Dabbs v. Social Security Administration Commissioner
MEMORANDUM OPINION. Signed by Honorable Barry A. Bryant on July 19, 2010. (rw)
Dabbs v. Social Security Administration Commissioner
IN THE UNITED STATES DISTRICT COURT WESTERN DISTRICT OF ARKANSAS FORT SMITH DIVISION
ROGER D. DABBS vs. Civil No. 2:09-cv-02101
MICHAEL J. ASTRUE Commissioner, Social Security Administration
MEMORANDUM OPINION Roger D. Dabbs ("Plaintiff") brings this action pursuant to § 205(g) of Title II of the Social Security Act ("The Act"), 42 U.S.C. § 405(g) (2006), seeking judicial review of a final decision of the Commissioner of the Social Security Administration ("SSA") denying his application for Supplemental Security Income ("SSI") under Title XVI of the Act. The parties have consented to the jurisdiction of a magistrate judge to conduct any and all proceedings in this case, including conducting the trial, ordering the entry of a final judgment, and conducting all post-judgment proceedings. (ECF No. 5).1 Pursuant to this authority, the Court issues this memorandum opinion and orders the entry of a final judgment in this matter. 1. Background: Plaintiff filed his application for SSI on August 7, 2007. (Tr. 91). Plaintiff alleged he was disabled due to back, knee and neck pain, gastritis, and depression. (Tr. 60, 108, 125). Plaintiff alleged an onset date of November 20, 2006. (Tr. 91). This application was initially denied on August 24, 2007 and was denied again on reconsideration on September 21, 2007. (Tr. 66, 72).
The docket numbers for this case are referenced by the designation "ECF No." The transcript pages for this c a se are referenced by the designation "Tr."

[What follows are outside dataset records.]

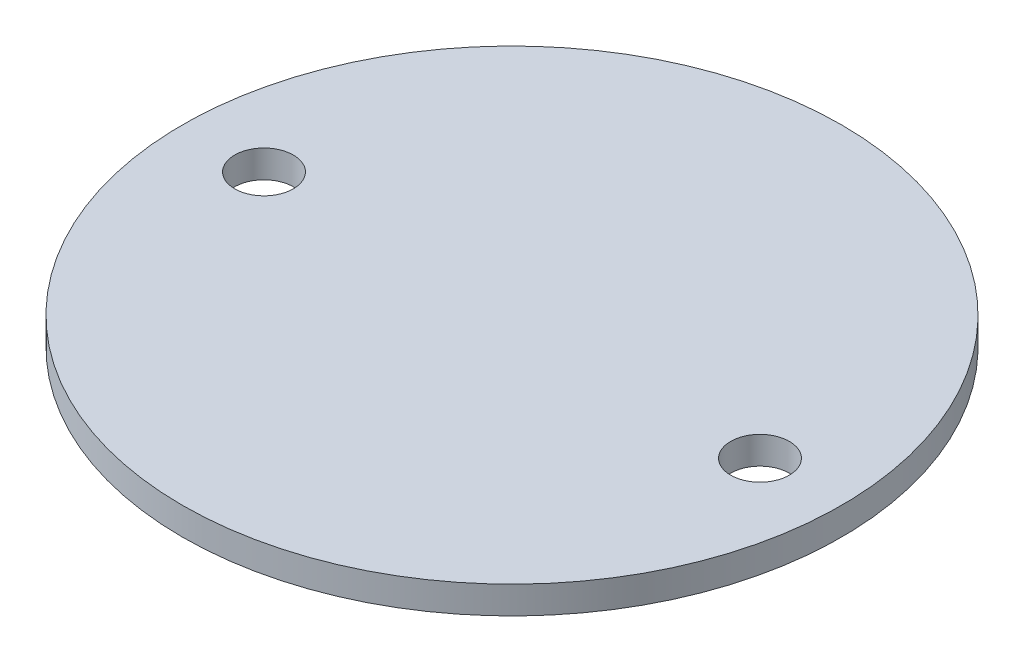
ISO-10303-21;
HEADER;
FILE_DESCRIPTION(('STEP AP214'),'2;1');
FILE_NAME('part.step','',(''),(''),'','','');
FILE_SCHEMA(('AUTOMOTIVE_DESIGN { 1 0 10303 214 1 1 1 1 }'));
ENDSEC;
DATA;
#1=APPLICATION_CONTEXT('core data for automotive mechanical design processes');
#2=APPLICATION_PROTOCOL_DEFINITION('international standard','automotive_design',2000,#1);
#3=PRODUCT_CONTEXT('',#1,'mechanical');
#4=PRODUCT('Part','Part','',(#3));
#5=PRODUCT_RELATED_PRODUCT_CATEGORY('part','',(#4));
#6=PRODUCT_DEFINITION_FORMATION('','',#4);
#7=PRODUCT_DEFINITION_CONTEXT('part definition',#1,'design');
#8=PRODUCT_DEFINITION('design','',#6,#7);
#9=PRODUCT_DEFINITION_SHAPE('','',#8);
#10=(LENGTH_UNIT() NAMED_UNIT(*) SI_UNIT(.MILLI.,.METRE.));
#11=(NAMED_UNIT(*) PLANE_ANGLE_UNIT() SI_UNIT($,.RADIAN.));
#12=(NAMED_UNIT(*) SI_UNIT($,.STERADIAN.) SOLID_ANGLE_UNIT());
#13=UNCERTAINTY_MEASURE_WITH_UNIT(LENGTH_MEASURE(1.E-05),#10,'distance_accuracy_value','');
#14=(GEOMETRIC_REPRESENTATION_CONTEXT(3) GLOBAL_UNCERTAINTY_ASSIGNED_CONTEXT((#13)) GLOBAL_UNIT_ASSIGNED_CONTEXT((#10,
#11,#12)) REPRESENTATION_CONTEXT('',''));
#15=CARTESIAN_POINT('',(0.,0.,0.));
#16=DIRECTION('',(0.,0.,1.));
#17=DIRECTION('',(1.,0.,0.));
#18=AXIS2_PLACEMENT_3D('',#15,#16,#17);
#19=CARTESIAN_POINT('',(0.,1.5875,0.));
#20=DIRECTION('',(0.,-1.,0.));
#21=DIRECTION('',(0.,0.,-1.));
#22=AXIS2_PLACEMENT_3D('',#19,#20,#21);
#23=CYLINDRICAL_SURFACE('',#22,37.973);
#24=CARTESIAN_POINT('',(0.,1.5875,0.));
#25=DIRECTION('',(0.,1.,0.));
#26=DIRECTION('',(0.,0.,1.));
#27=AXIS2_PLACEMENT_3D('',#24,#25,#26);
#28=CIRCLE('',#27,37.973);
#29=CARTESIAN_POINT('',(0.,1.5875,37.973));
#30=VERTEX_POINT('',#29);
#31=EDGE_CURVE('E10',#30,#30,#28,.T.);
#32=ORIENTED_EDGE('',*,*,#31,.F.);
#33=EDGE_LOOP('',(#32));
#34=FACE_BOUND('',#33,.T.);
#35=CARTESIAN_POINT('',(0.,-1.5875,0.));
#36=DIRECTION('',(0.,1.,0.));
#37=DIRECTION('',(0.,0.,1.));
#38=AXIS2_PLACEMENT_3D('',#35,#36,#37);
#39=CIRCLE('',#38,37.973);
#40=CARTESIAN_POINT('',(0.,-1.5875,37.973));
#41=VERTEX_POINT('',#40);
#42=EDGE_CURVE('E42',#41,#41,#39,.T.);
#43=ORIENTED_EDGE('',*,*,#42,.T.);
#44=EDGE_LOOP('',(#43));
#45=FACE_BOUND('',#44,.T.);
#46=ADVANCED_FACE('F39',(#34,#45),#23,.T.);
#47=CARTESIAN_POINT('',(0.,1.5875,0.));
#48=DIRECTION('',(0.,1.,0.));
#49=DIRECTION('',(0.,0.,1.));
#50=AXIS2_PLACEMENT_3D('',#47,#48,#49);
#51=PLANE('',#50);
#52=CARTESIAN_POINT('',(-28.575,1.5875,0.));
#53=DIRECTION('',(0.,1.,0.));
#54=DIRECTION('',(0.,0.,1.));
#55=AXIS2_PLACEMENT_3D('',#52,#53,#54);
#56=CIRCLE('',#55,3.37819999999999);
#57=CARTESIAN_POINT('',(-28.575,1.5875,3.37819999999999));
#58=VERTEX_POINT('',#57);
#59=EDGE_CURVE('E64',#58,#58,#56,.T.);
#60=ORIENTED_EDGE('',*,*,#59,.F.);
#61=EDGE_LOOP('',(#60));
#62=FACE_BOUND('',#61,.T.);
#63=CARTESIAN_POINT('',(28.575,1.5875,0.));
#64=DIRECTION('',(0.,1.,0.));
#65=DIRECTION('',(0.,0.,1.));
#66=AXIS2_PLACEMENT_3D('',#63,#64,#65);
#67=CIRCLE('',#66,3.37819999999999);
#68=CARTESIAN_POINT('',(28.575,1.5875,3.37819999999998));
#69=VERTEX_POINT('',#68);
#70=EDGE_CURVE('E56',#69,#69,#67,.T.);
#71=ORIENTED_EDGE('',*,*,#70,.F.);
#72=EDGE_LOOP('',(#71));
#73=FACE_BOUND('',#72,.T.);
#74=ORIENTED_EDGE('',*,*,#31,.T.);
#75=EDGE_LOOP('',(#74));
#76=FACE_BOUND('',#75,.T.);
#77=ADVANCED_FACE('F71',(#62,#73,#76),#51,.T.);
#78=CARTESIAN_POINT('',(0.,-1.5875,0.));
#79=DIRECTION('',(0.,1.,0.));
#80=DIRECTION('',(0.,0.,1.));
#81=AXIS2_PLACEMENT_3D('',#78,#79,#80);
#82=PLANE('',#81);
#83=CARTESIAN_POINT('',(-28.575,-1.5875,0.));
#84=DIRECTION('',(0.,1.,0.));
#85=DIRECTION('',(0.,0.,1.));
#86=AXIS2_PLACEMENT_3D('',#83,#84,#85);
#87=CIRCLE('',#86,3.3782);
#88=CARTESIAN_POINT('',(-28.575,-1.5875,3.3782));
#89=VERTEX_POINT('',#88);
#90=EDGE_CURVE('E60',#89,#89,#87,.T.);
#91=ORIENTED_EDGE('',*,*,#90,.T.);
#92=EDGE_LOOP('',(#91));
#93=FACE_BOUND('',#92,.T.);
#94=CARTESIAN_POINT('',(28.575,-1.5875,0.));
#95=DIRECTION('',(0.,1.,0.));
#96=DIRECTION('',(0.,0.,1.));
#97=AXIS2_PLACEMENT_3D('',#94,#95,#96);
#98=CIRCLE('',#97,3.3782);
#99=CARTESIAN_POINT('',(28.575,-1.5875,3.37819999999999));
#100=VERTEX_POINT('',#99);
#101=EDGE_CURVE('E51',#100,#100,#98,.T.);
#102=ORIENTED_EDGE('',*,*,#101,.T.);
#103=EDGE_LOOP('',(#102));
#104=FACE_BOUND('',#103,.T.);
#105=ORIENTED_EDGE('',*,*,#42,.F.);
#106=EDGE_LOOP('',(#105));
#107=FACE_BOUND('',#106,.T.);
#108=ADVANCED_FACE('F74',(#93,#104,#107),#82,.F.);
#109=CARTESIAN_POINT('',(28.575,1.5875,0.));
#110=DIRECTION('',(0.,1.,0.));
#111=DIRECTION('',(0.,0.,1.));
#112=AXIS2_PLACEMENT_3D('',#109,#110,#111);
#113=CYLINDRICAL_SURFACE('',#112,3.37819999999999);
#114=ORIENTED_EDGE('',*,*,#101,.F.);
#115=EDGE_LOOP('',(#114));
#116=FACE_BOUND('',#115,.T.);
#117=ORIENTED_EDGE('',*,*,#70,.T.);
#118=EDGE_LOOP('',(#117));
#119=FACE_BOUND('',#118,.T.);
#120=ADVANCED_FACE('F78',(#116,#119),#113,.F.);
#121=CARTESIAN_POINT('',(-28.575,1.5875,0.));
#122=DIRECTION('',(0.,1.,0.));
#123=DIRECTION('',(0.,0.,1.));
#124=AXIS2_PLACEMENT_3D('',#121,#122,#123);
#125=CYLINDRICAL_SURFACE('',#124,3.37819999999999);
#126=ORIENTED_EDGE('',*,*,#90,.F.);
#127=EDGE_LOOP('',(#126));
#128=FACE_BOUND('',#127,.T.);
#129=ORIENTED_EDGE('',*,*,#59,.T.);
#130=EDGE_LOOP('',(#129));
#131=FACE_BOUND('',#130,.T.);
#132=ADVANCED_FACE('F69',(#128,#131),#125,.F.);
#133=CLOSED_SHELL('',(#46,#77,#108,#120,#132));
#134=MANIFOLD_SOLID_BREP('B2',#133);
#135=ADVANCED_BREP_SHAPE_REPRESENTATION('',(#18,#134),#14);
#136=SHAPE_DEFINITION_REPRESENTATION(#9,#135);
ENDSEC;
END-ISO-10303-21;

On October 3, 2007, Plaintiff requested an administrative hearing on his application. (Tr. 58). The hearing was held on July 28, 2008 in Clarksville, Arkansas. (Tr. 11-52). Plaintiff was present and was represented by counsel, Iva Nell Gibbons, at this hearing. See id. Plaintiff and Vocational Expert ("VE") David O'Neal testified at this hearing. See id. On the date of this hearing, Plaintiff was thirty-five (35) years old, which is defined as "younger person" under 20 C.F.R. § 404.1563(c) (2008), and had a GED. (Tr. 16). On October 9, 2008, the ALJ entered an unfavorable decision denying Plaintiff's request for SSI. (Tr. 58-65). In this decision, the ALJ determined Plaintiff had not engaged in Substantial Gainful Activity ("SGA") since July 31, 2007. (Tr. 60, Finding 1). The ALJ determined Plaintiff had the severe impairments of degenerative disc and joint disease. (Tr. 60, Finding 2). The ALJ also determined the Plaintiff did not have an impairment or combination of impairments that met or medically equaled one of the listed impairments contained in the Listing of Impairments in Appendix 1 to Subpart P of Regulations No. 4 ("Listings"). (Tr. 60, Finding 3). In this decision, the ALJ also indicated she evaluated Plaintiff's subjective complaints and determined his Residual Functional Capacity ("RFC"). (Tr. 61-64, Finding 4). The ALJ indicated she evaluated these subjective complaints and allegedly disabling symptoms pursuant to the requirements of 20 C.F.R. § 416.929. (Tr. 61). The ALJ also reviewed all the medical evidence and hearing testimony and determined Plaintiff's RFC. (Tr. 61, Finding 4). Specifically, the ALJ determined Plaintiff retained the RFC for light work. The ALJ then evaluated Plaintiff's Past Relevant Work ("PRW"). (Tr. 64). Plaintiff and the VE testified at the administrative hearing regarding this issue. (Tr. 16-34, 47-50). Based upon this testimony, the ALJ determined Plaintiff's PRW included work as a bench inspector. (Tr. 64).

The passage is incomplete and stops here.